Clement first visited UVa for a camp following his sophomore year. A coaching friend from upstate New York had recommended that McMullan keep an eye out for the young prospect, but as the UVa assistant recalled “he was just a little bit undersized and not strong” at that point.

“And then the following summer he was at a tournament here earlier in the summer,” McMullan added, “and he was a much different-looking guy.”

Clement played two games in that tournament, hitting a few home runs and making some standout plays defensively. McMullan saw a kid who “played like his hair was on fire.”

The way Clement remembers it, Virginia had a spot open in its 2014 recruiting class after another player backed out and committed elsewhere. Before he left Charlottesville a second time, he got that big-school scholarship offer he’d been hoping for.

“It all kind of worked out,” he said. “It was kind of a ‘right place, right time’ kind of thing.”

By the time Clement and the Cavaliers traveled to East Carolina to open his first college season, he had earned a spot hitting leadoff and playing center field for the previous year’s national runner-up. That freshman year ended four months later in Omaha, with Clement playing second base and the Wahoos winning the College World Series.

Along the way, he hit .245 in 62 games, including 61 starts. He made the All-CWS Team that June after hitting .292 and delivering three go-ahead hits in UVa’s 12 postseason games, including his iconic walk-off against the Terrapins that sent the Hoos to Omaha.

Clement finished his three-year UVa career with a .306 batting average in 179 games. He was named second-team All-ACC at second base as a sophomore in 2016, then made the third team at shortstop the following season. The summer after his sophomore year, Clement hit .353 with a .400 on-base percentage for the Harwich Mariners to earn Cape Cod League MVP honors. After his junior season, he was drafted by Cleveland and turned pro.

“He was on a mission every day to be the best version of himself,” McMullan said, “and he was okay with wherever it landed.”
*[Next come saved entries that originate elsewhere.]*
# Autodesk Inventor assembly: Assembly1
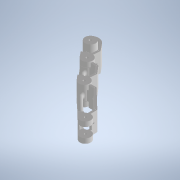
[picture p0: Inventor's stored thumbnail of the model, 180x180]
Saved by Autodesk Inventor 2021 (Build 250183000, 183)
## iProperties
Created: 2022-09-07
Part Number: Assembly1
Document SubType Name: Assembly
Designer: ereg140
Author: ereg140
## Documents named in this file (4)
- \\files.auckland.ac.nz\myhome\Documents\GitHub\hand\PRINTS\Finger3\Assembly1.iam
- \\files.auckland.ac.nz\myhome\Documents\GitHub\hand\Phalalnge3_28mm.ipt
- \\files.auckland.ac.nz\myhome\Documents\GitHub\hand\Phalalnge3_20mm.ipt
- \\files.auckland.ac.nz\myhome\Documents\GitHub\hand\Phalalnge3_42mm.ipt
## Components (3 placed, 3 different names)
1. Phalalnge3_20mm:1 — Rotational:2
2. Phalalnge3_28mm:1 — Rotational:1, Rotational:2
3. Phalalnge3_42mm:1 — Rotational:1
## Relationships (2: RevoluteJoint 2)
- Rotational:1 [RevoluteJoint]: Phalalnge3_28mm:1 ↔ Phalalnge3_42mm:1
- Rotational:2 [RevoluteJoint]: Phalalnge3_20mm:1 ↔ Phalalnge3_28mm:1
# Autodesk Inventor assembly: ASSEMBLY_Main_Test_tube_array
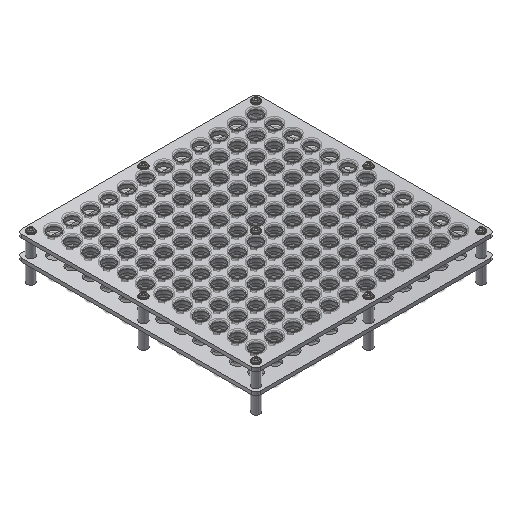
[picture p0: Inventor's stored thumbnail of the model, 512x512]
Saved by Autodesk Inventor 2025 (Build 290162010, 162A)
## iProperties
Created: 2018-06-17
Part Number: ASSEMBLY_Main_Test_tube_array
Document SubType Name: Assembly
Designer: Andrzej
Author: Andrzej
## Documents named in this file (8)
- D:\_ANDRZEJ_LACZEWSKI\_OTHER\MLTDIS - SMD parts sorting machine experimental 2 axis platform\MCAD\1_REV1\ASSEMBLY_TEST_TUBE_ARRAY_REVA\ASSEMBLY_Main_Test_tube_array.iam
- D:\_ANDRZEJ_LACZEWSKI\_OTHER\MLTDIS - SMD parts sorting machine experimental 2 axis platform\MCAD\1_REV1\ASSEMBLY_TEST_TUBE_ARRAY_REVA\3DP_PLA_Test_tube_array_bottom_plate.ipt
- D:\_ANDRZEJ_LACZEWSKI\_OTHER\MLTDIS - SMD parts sorting machine experimental 2 axis platform\MCAD\1_REV1\ASSEMBLY_TEST_TUBE_ARRAY_REVA\3DP_PLA_Test_tube_array_top_plate.ipt
- D:\_ANDRZEJ_LACZEWSKI\_OTHER\MLTDIS - SMD parts sorting machine experimental 2 axis platform\MCAD\1_REV1\__COTS_PARTS\COTS_Eppendorf_10ml_test_tube.ipt
- D:\_ANDRZEJ_LACZEWSKI\_OTHER\MLTDIS - SMD parts sorting machine experimental 2 axis platform\MCAD\1_REV1\ASSEMBLY_TEST_TUBE_ARRAY_REVA\3DP_PLA_Test_tube_array_top_spacer.ipt
- D:\_ANDRZEJ_LACZEWSKI\_OTHER\MLTDIS - SMD parts sorting machine experimental 2 axis platform\MCAD\1_REV1\ASSEMBLY_TEST_TUBE_ARRAY_REVA\3DP_PLA_Test_tube_array_bottom_spacer.ipt
- D:\_ANDRZEJ_LACZEWSKI\_OTHER\MLTDIS - SMD parts sorting machine experimental 2 axis platform\MCAD\1_REV1\__CONTENT_CENTER_PARTS\en-US\DIN 125-2  A\DIN 125-2 - A 3,2A.ipt
- D:\_ANDRZEJ_LACZEWSKI\_OTHER\MLTDIS - SMD parts sorting machine experimental 2 axis platform\MCAD\1_REV1\__CONTENT_CENTER_PARTS\en-US\AS 1427(05)\AS 1427 - M3 x 40(5) II.ipt
## Components (182 placed, 7 different names)
1. 3DP_PLA_Test_tube_array_bottom_plate:1 — Flush:1, Flush:2, Mate:1, Mate:4, Mate:5, Mate:6, Mate:7
2. 3DP_PLA_Test_tube_array_top_plate:1 — Flush:1, Flush:2, Mate:1, Mate:2, Mate:3, Mate:8, Mate:9, Mate:10, Mate:11, Mate:12, Mate:13, Mate:14, Mate:15, Mate:16, Mate:17, Mate:18, Mate:19, Mate:20, Mate:21, Mate:22, Mate:23, Mate:24, Mate:25
3. AS 1427 H - Metric M3 x 40:9 — Insert:9
4. AS 1427 H - Metric M3 x 40:8 — Insert:8
5. AS 1427 H - Metric M3 x 40:7 — Insert:7
6. AS 1427 H - Metric M3 x 40:6 — Insert:6
7. AS 1427 H - Metric M3 x 40:5 — Insert:5
8. AS 1427 H - Metric M3 x 40:4 — Insert:4
9. AS 1427 H - Metric M3 x 40:3 — Insert:3
10. AS 1427 H - Metric M3 x 40:2 — Insert:2
11. DIN 125-2 A A 3,2:9 — Mate:24, Mate:25, Insert:9
12. DIN 125-2 A A 3,2:8 — Mate:22, Mate:23, Insert:8
13. DIN 125-2 A A 3,2:7 — Mate:20, Mate:21, Insert:7
14. DIN 125-2 A A 3,2:6 — Mate:18, Mate:19, Insert:6
15. DIN 125-2 A A 3,2:5 — Mate:16, Mate:17, Insert:5
16. DIN 125-2 A A 3,2:4 — Mate:14, Mate:15, Insert:4
17. DIN 125-2 A A 3,2:3 — Mate:12, Mate:13, Insert:3
18. DIN 125-2 A A 3,2:2 — Mate:10, Mate:11, Insert:2
19. AS 1427 H - Metric M3 x 40:1 — Insert:1
20. DIN 125-2 A A 3,2:1 — Mate:8, Mate:9, Insert:1
21. COTS_Eppendorf_10ml_test_tube:1 — Mate:2, Mate:3
22. COTS_Eppendorf_10ml_test_tube:2
23. COTS_Eppendorf_10ml_test_tube:3
24. COTS_Eppendorf_10ml_test_tube:4
25. COTS_Eppendorf_10ml_test_tube:5
26. COTS_Eppendorf_10ml_test_tube:6
27. COTS_Eppendorf_10ml_test_tube:7
28. COTS_Eppendorf_10ml_test_tube:8
29. COTS_Eppendorf_10ml_test_tube:9
30. COTS_Eppendorf_10ml_test_tube:10
31. COTS_Eppendorf_10ml_test_tube:11
32. COTS_Eppendorf_10ml_test_tube:12
33. COTS_Eppendorf_10ml_test_tube:13
34. COTS_Eppendorf_10ml_test_tube:14
35. COTS_Eppendorf_10ml_test_tube:15
36. COTS_Eppendorf_10ml_test_tube:16
37. COTS_Eppendorf_10ml_test_tube:17
38. COTS_Eppendorf_10ml_test_tube:18
39. COTS_Eppendorf_10ml_test_tube:19
40. COTS_Eppendorf_10ml_test_tube:20
41. COTS_Eppendorf_10ml_test_tube:21
42. COTS_Eppendorf_10ml_test_tube:22
43. COTS_Eppendorf_10ml_test_tube:23
44. COTS_Eppendorf_10ml_test_tube:24
45. COTS_Eppendorf_10ml_test_tube:25
46. COTS_Eppendorf_10ml_test_tube:26
47. COTS_Eppendorf_10ml_test_tube:27
48. COTS_Eppendorf_10ml_test_tube:28
49. COTS_Eppendorf_10ml_test_tube:29
50. COTS_Eppendorf_10ml_test_tube:30
51. COTS_Eppendorf_10ml_test_tube:31
52. COTS_Eppendorf_10ml_test_tube:32
53. COTS_Eppendorf_10ml_test_tube:33
54. COTS_Eppendorf_10ml_test_tube:34
55. COTS_Eppendorf_10ml_test_tube:35
56. COTS_Eppendorf_10ml_test_tube:36
57. COTS_Eppendorf_10ml_test_tube:37
58. COTS_Eppendorf_10ml_test_tube:38
59. COTS_Eppendorf_10ml_test_tube:39
60. COTS_Eppendorf_10ml_test_tube:40
61. COTS_Eppendorf_10ml_test_tube:41
62. COTS_Eppendorf_10ml_test_tube:42
63. COTS_Eppendorf_10ml_test_tube:43
64. COTS_Eppendorf_10ml_test_tube:44
65. COTS_Eppendorf_10ml_test_tube:45
66. COTS_Eppendorf_10ml_test_tube:46
67. COTS_Eppendorf_10ml_test_tube:47
68. COTS_Eppendorf_10ml_test_tube:48
69. COTS_Eppendorf_10ml_test_tube:49
70. COTS_Eppendorf_10ml_test_tube:50
71. COTS_Eppendorf_10ml_test_tube:51
72. COTS_Eppendorf_10ml_test_tube:52
73. COTS_Eppendorf_10ml_test_tube:53
74. COTS_Eppendorf_10ml_test_tube:54
75. COTS_Eppendorf_10ml_test_tube:55
76. COTS_Eppendorf_10ml_test_tube:56
77. COTS_Eppendorf_10ml_test_tube:57
78. COTS_Eppendorf_10ml_test_tube:58
79. COTS_Eppendorf_10ml_test_tube:59
80. COTS_Eppendorf_10ml_test_tube:60
81. COTS_Eppendorf_10ml_test_tube:61
82. COTS_Eppendorf_10ml_test_tube:62
83. COTS_Eppendorf_10ml_test_tube:63
84. COTS_Eppendorf_10ml_test_tube:64
85. COTS_Eppendorf_10ml_test_tube:65
86. COTS_Eppendorf_10ml_test_tube:66
87. COTS_Eppendorf_10ml_test_tube:67
88. COTS_Eppendorf_10ml_test_tube:68
89. COTS_Eppendorf_10ml_test_tube:69
90. COTS_Eppendorf_10ml_test_tube:70
91. COTS_Eppendorf_10ml_test_tube:71
92. COTS_Eppendorf_10ml_test_tube:72
93. COTS_Eppendorf_10ml_test_tube:73
94. COTS_Eppendorf_10ml_test_tube:74
95. COTS_Eppendorf_10ml_test_tube:75
96. COTS_Eppendorf_10ml_test_tube:76
97. COTS_Eppendorf_10ml_test_tube:77
98. COTS_Eppendorf_10ml_test_tube:78
99. COTS_Eppendorf_10ml_test_tube:79
100. COTS_Eppendorf_10ml_test_tube:80
101. COTS_Eppendorf_10ml_test_tube:81
102. COTS_Eppendorf_10ml_test_tube:82
103. COTS_Eppendorf_10ml_test_tube:83
104. COTS_Eppendorf_10ml_test_tube:84
105. COTS_Eppendorf_10ml_test_tube:85
106. COTS_Eppendorf_10ml_test_tube:86
107. COTS_Eppendorf_10ml_test_tube:87
108. COTS_Eppendorf_10ml_test_tube:88
109. COTS_Eppendorf_10ml_test_tube:89
110. COTS_Eppendorf_10ml_test_tube:90
111. COTS_Eppendorf_10ml_test_tube:91
112. COTS_Eppendorf_10ml_test_tube:92
113. COTS_Eppendorf_10ml_test_tube:93
114. COTS_Eppendorf_10ml_test_tube:94
115. COTS_Eppendorf_10ml_test_tube:95
116. COTS_Eppendorf_10ml_test_tube:96
117. COTS_Eppendorf_10ml_test_tube:97
118. COTS_Eppendorf_10ml_test_tube:98
119. COTS_Eppendorf_10ml_test_tube:99
120. COTS_Eppendorf_10ml_test_tube:100
121. COTS_Eppendorf_10ml_test_tube:101
122. COTS_Eppendorf_10ml_test_tube:102
123. COTS_Eppendorf_10ml_test_tube:103
124. COTS_Eppendorf_10ml_test_tube:104
125. COTS_Eppendorf_10ml_test_tube:105
126. COTS_Eppendorf_10ml_test_tube:106
127. COTS_Eppendorf_10ml_test_tube:107
128. COTS_Eppendorf_10ml_test_tube:108
129. COTS_Eppendorf_10ml_test_tube:109
130. COTS_Eppendorf_10ml_test_tube:110
131. COTS_Eppendorf_10ml_test_tube:111
132. COTS_Eppendorf_10ml_test_tube:112
133. COTS_Eppendorf_10ml_test_tube:113
134. COTS_Eppendorf_10ml_test_tube:114
135. COTS_Eppendorf_10ml_test_tube:115
136. COTS_Eppendorf_10ml_test_tube:116
137. COTS_Eppendorf_10ml_test_tube:117
138. COTS_Eppendorf_10ml_test_tube:118
139. COTS_Eppendorf_10ml_test_tube:119
140. COTS_Eppendorf_10ml_test_tube:120
141. COTS_Eppendorf_10ml_test_tube:121
142. COTS_Eppendorf_10ml_test_tube:122
143. COTS_Eppendorf_10ml_test_tube:123
144. COTS_Eppendorf_10ml_test_tube:124
145. COTS_Eppendorf_10ml_test_tube:125
146. COTS_Eppendorf_10ml_test_tube:126
147. COTS_Eppendorf_10ml_test_tube:127
148. COTS_Eppendorf_10ml_test_tube:128
149. COTS_Eppendorf_10ml_test_tube:129
150. COTS_Eppendorf_10ml_test_tube:130
151. COTS_Eppendorf_10ml_test_tube:131
152. COTS_Eppendorf_10ml_test_tube:132
153. COTS_Eppendorf_10ml_test_tube:133
154. COTS_Eppendorf_10ml_test_tube:134
155. COTS_Eppendorf_10ml_test_tube:135
156. COTS_Eppendorf_10ml_test_tube:136
157. COTS_Eppendorf_10ml_test_tube:137
158. COTS_Eppendorf_10ml_test_tube:138
159. COTS_Eppendorf_10ml_test_tube:139
160. COTS_Eppendorf_10ml_test_tube:140
161. COTS_Eppendorf_10ml_test_tube:141
162. COTS_Eppendorf_10ml_test_tube:142
163. COTS_Eppendorf_10ml_test_tube:143
164. COTS_Eppendorf_10ml_test_tube:144
165. 3DP_PLA_Test_tube_array_top_spacer:6 — Mate:4, Mate:5
166. 3DP_PLA_Test_tube_array_top_spacer:7
167. 3DP_PLA_Test_tube_array_top_spacer:8
168. 3DP_PLA_Test_tube_array_top_spacer:9
169. 3DP_PLA_Test_tube_array_top_spacer:10
170. 3DP_PLA_Test_tube_array_top_spacer:11
171. 3DP_PLA_Test_tube_array_top_spacer:12
172. 3DP_PLA_Test_tube_array_top_spacer:13
173. 3DP_PLA_Test_tube_array_top_spacer:14
174. 3DP_PLA_Test_tube_array_bottom_spacer:1 — Mate:6, Mate:7
175. 3DP_PLA_Test_tube_array_bottom_spacer:2
176. 3DP_PLA_Test_tube_array_bottom_spacer:3
177. 3DP_PLA_Test_tube_array_bottom_spacer:4
178. 3DP_PLA_Test_tube_array_bottom_spacer:5
179. 3DP_PLA_Test_tube_array_bottom_spacer:6
180. 3DP_PLA_Test_tube_array_bottom_spacer:7
181. 3DP_PLA_Test_tube_array_bottom_spacer:8
182. 3DP_PLA_Test_tube_array_bottom_spacer:9
## Component patterns: (144 elements, first: COTS_Eppendorf_10ml_test_tube:1), (9 elements, first: 3DP_PLA_Test_tube_array_top_spacer:6), (9 elements, first: 3DP_PLA_Test_tube_array_bottom_spacer:1)
## Relationships (36: Mate 25, Insert 9, Flush 2)
- Flush:1: 3DP_PLA_Test_tube_array_bottom_plate:1 ↔ 3DP_PLA_Test_tube_array_top_plate:1
- Flush:2: 3DP_PLA_Test_tube_array_bottom_plate:1 ↔ 3DP_PLA_Test_tube_array_top_plate:1
- Mate:1 (15 mm): 3DP_PLA_Test_tube_array_bottom_plate:1 ↔ 3DP_PLA_Test_tube_array_top_plate:1
- Mate:2: 3DP_PLA_Test_tube_array_top_plate:1 ↔ COTS_Eppendorf_10ml_test_tube:1
- Mate:3: 3DP_PLA_Test_tube_array_top_plate:1 ↔ COTS_Eppendorf_10ml_test_tube:1
- Mate:4: 3DP_PLA_Test_tube_array_bottom_plate:1 ↔ 3DP_PLA_Test_tube_array_top_spacer:6
- Mate:5: 3DP_PLA_Test_tube_array_bottom_plate:1 ↔ 3DP_PLA_Test_tube_array_top_spacer:6
- Mate:6: 3DP_PLA_Test_tube_array_bottom_plate:1 ↔ 3DP_PLA_Test_tube_array_bottom_spacer:1
- Mate:7: 3DP_PLA_Test_tube_array_bottom_plate:1 ↔ 3DP_PLA_Test_tube_array_bottom_spacer:1
- Mate:8: 3DP_PLA_Test_tube_array_top_plate:1 ↔ DIN 125-2 A A 3,2:1
- Mate:9: 3DP_PLA_Test_tube_array_top_plate:1 ↔ DIN 125-2 A A 3,2:1
- Mate:10: 3DP_PLA_Test_tube_array_top_plate:1 ↔ DIN 125-2 A A 3,2:2
- Mate:11: 3DP_PLA_Test_tube_array_top_plate:1 ↔ DIN 125-2 A A 3,2:2
- Mate:12: 3DP_PLA_Test_tube_array_top_plate:1 ↔ DIN 125-2 A A 3,2:3
- Mate:13: 3DP_PLA_Test_tube_array_top_plate:1 ↔ DIN 125-2 A A 3,2:3
- Mate:14: 3DP_PLA_Test_tube_array_top_plate:1 ↔ DIN 125-2 A A 3,2:4
- Mate:15: 3DP_PLA_Test_tube_array_top_plate:1 ↔ DIN 125-2 A A 3,2:4
- Mate:16: 3DP_PLA_Test_tube_array_top_plate:1 ↔ DIN 125-2 A A 3,2:5
- Mate:17: 3DP_PLA_Test_tube_array_top_plate:1 ↔ DIN 125-2 A A 3,2:5
- Mate:18: 3DP_PLA_Test_tube_array_top_plate:1 ↔ DIN 125-2 A A 3,2:6
- Mate:19: 3DP_PLA_Test_tube_array_top_plate:1 ↔ DIN 125-2 A A 3,2:6
- Mate:20: 3DP_PLA_Test_tube_array_top_plate:1 ↔ DIN 125-2 A A 3,2:7
- Mate:21: 3DP_PLA_Test_tube_array_top_plate:1 ↔ DIN 125-2 A A 3,2:7
- Mate:22: 3DP_PLA_Test_tube_array_top_plate:1 ↔ DIN 125-2 A A 3,2:8
- Mate:23: 3DP_PLA_Test_tube_array_top_plate:1 ↔ DIN 125-2 A A 3,2:8
- Mate:24: 3DP_PLA_Test_tube_array_top_plate:1 ↔ DIN 125-2 A A 3,2:9
- Mate:25: 3DP_PLA_Test_tube_array_top_plate:1 ↔ DIN 125-2 A A 3,2:9
- Insert:1: AS 1427 H - Metric M3 x 40:1 ↔ DIN 125-2 A A 3,2:1
- Insert:2: AS 1427 H - Metric M3 x 40:2 ↔ DIN 125-2 A A 3,2:2
- Insert:3: AS 1427 H - Metric M3 x 40:3 ↔ DIN 125-2 A A 3,2:3
- Insert:4: AS 1427 H - Metric M3 x 40:4 ↔ DIN 125-2 A A 3,2:4
- Insert:5: AS 1427 H - Metric M3 x 40:5 ↔ DIN 125-2 A A 3,2:5
- Insert:6: AS 1427 H - Metric M3 x 40:6 ↔ DIN 125-2 A A 3,2:6
- Insert:7: AS 1427 H - Metric M3 x 40:7 ↔ DIN 125-2 A A 3,2:7
- Insert:8: AS 1427 H - Metric M3 x 40:8 ↔ DIN 125-2 A A 3,2:8
- Insert:9: AS 1427 H - Metric M3 x 40:9 ↔ DIN 125-2 A A 3,2:9
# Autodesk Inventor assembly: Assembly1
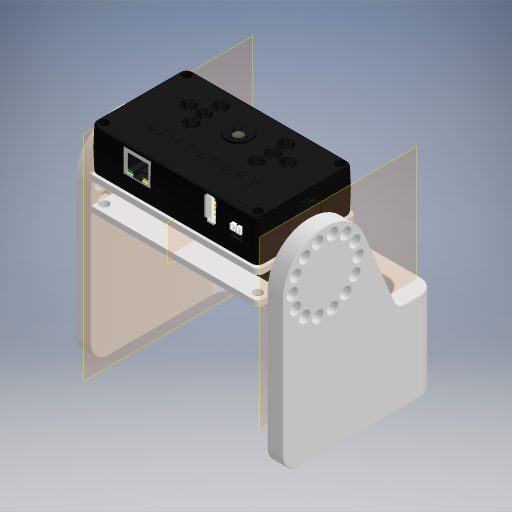
[picture p0: Inventor's stored thumbnail of the model, 512x512]
Saved by Autodesk Inventor 2024.2 (Build 282272000, 272)
## iProperties
Created: 2024-02-01
Part Number: Assembly1
Document SubType Name: Assembly
Designer: rohan
Author: rohan
## Documents named in this file (5)
- C:\Users\rohan\OneDrive - Hillsborough County Public Schools\Robotics\FIRST-Robotics-Competition\Crescendo\Minotaur-Crescendo-Robot\Structure\New folder\Assembly1.iam
- C:\Users\rohan\OneDrive - Hillsborough County Public Schools\Robotics\FIRST-Robotics-Competition\Crescendo\Minotaur-Crescendo-Robot\Electronics\Limelight-2.ipt
- C:\Users\rohan\OneDrive - Hillsborough County Public Schools\Robotics\FIRST-Robotics-Competition\Crescendo\Minotaur-Crescendo-Robot\Structure\New folder\Limelight.ipt
- C:\Users\rohan\OneDrive - Hillsborough County Public Schools\Robotics\FIRST-Robotics-Competition\Crescendo\Minotaur-Crescendo-Robot\Structure\New folder\Part4.ipt
- C:\Users\rohan\OneDrive - Hillsborough County Public Schools\Robotics\FIRST-Robotics-Competition\Crescendo\Minotaur-Crescendo-Robot\Structure\New folder\Part6.ipt
## Components (6 placed, 4 different names)
1. Limelight-2:1 — Mate:1, Insert:1, Insert:2
2. Limelight:1 — Mate:1, Insert:1, Insert:2, Mate:2, Mate:3, Mate:5, Mate:6, Symmetry:1
3. Part4:3 — Mate:3, Mate:4, Flush:1, Symmetry:2
4. Part4:4 — Mate:2, Flush:1, Symmetry:2
5. Limelight:2 — Mate:4, Mate:5, Mate:6, Symmetry:1
6. Part6:1
## Relationships (11: Mate 6, Insert 2, Symmetry 2, Flush 1)
- Mate:1: Limelight-2:1 ↔ Limelight:1
- Insert:1: Limelight-2:1 ↔ Limelight:1
- Insert:2: Limelight-2:1 ↔ Limelight:1
- Mate:2: Limelight:1 ↔ Part4:4
- Mate:3: Limelight:1 ↔ Part4:3
- Mate:4: Part4:3 ↔ Limelight:2
- Mate:5: Limelight:1 ↔ Limelight:2
- Mate:6: Limelight:1 ↔ Limelight:2
- Symmetry:1: Limelight:1 ↔ Limelight:2
- Flush:1: Part4:3 ↔ Part4:4
- Symmetry:2: Part4:3 ↔ Part4:4

By the end of his first full pro season in 2018, Clement had worked his way to Double-A. He finished the 2019 season by getting six hits in three games at Columbus, the Indians’ Triple-A affiliate. With no minor league season last year because of COVID-19, Clement spent the summer among the players at Cleveland’s alternate site in Columbus.

At every step, he put in the work.

“Every day that I get up in the morning it’s my goal to become a better baseball player,” he said. “I really have worked my tail off. I just have so much fun with it. I don’t take a single day for granted.”

Clement was hitting .289 in 20 games at Columbus when he was recalled by the Indians last weekend. He played second base and hit seventh against the Orioles in his first start Tuesday night, and in the bottom of the fourth, Clement capped a seven-pitch at-bat with a single up the middle. Appropriately, just like against Maryland six years earlier, that first big-league hit came on a breaking ball.

“I’m not surprised because of who he is as a man, and how important the game is and how much fun it is for him,” McMullan said about Clement reaching the big leagues. “He just keeps proving people wrong.”

From a scrawny, unranked recruit to a Major League infielder, Clement has carved a career out of proving people wrong.

“That’s my favorite,” he admitted. “You have all these incredible prospects who are all super talented, and they’re all going to be great players in Major League Baseball someday. It’s so fun just kind of flying under the radar. I just get to go out and have fun every day and I get paid to play baseball. It’s the greatest job in the world.”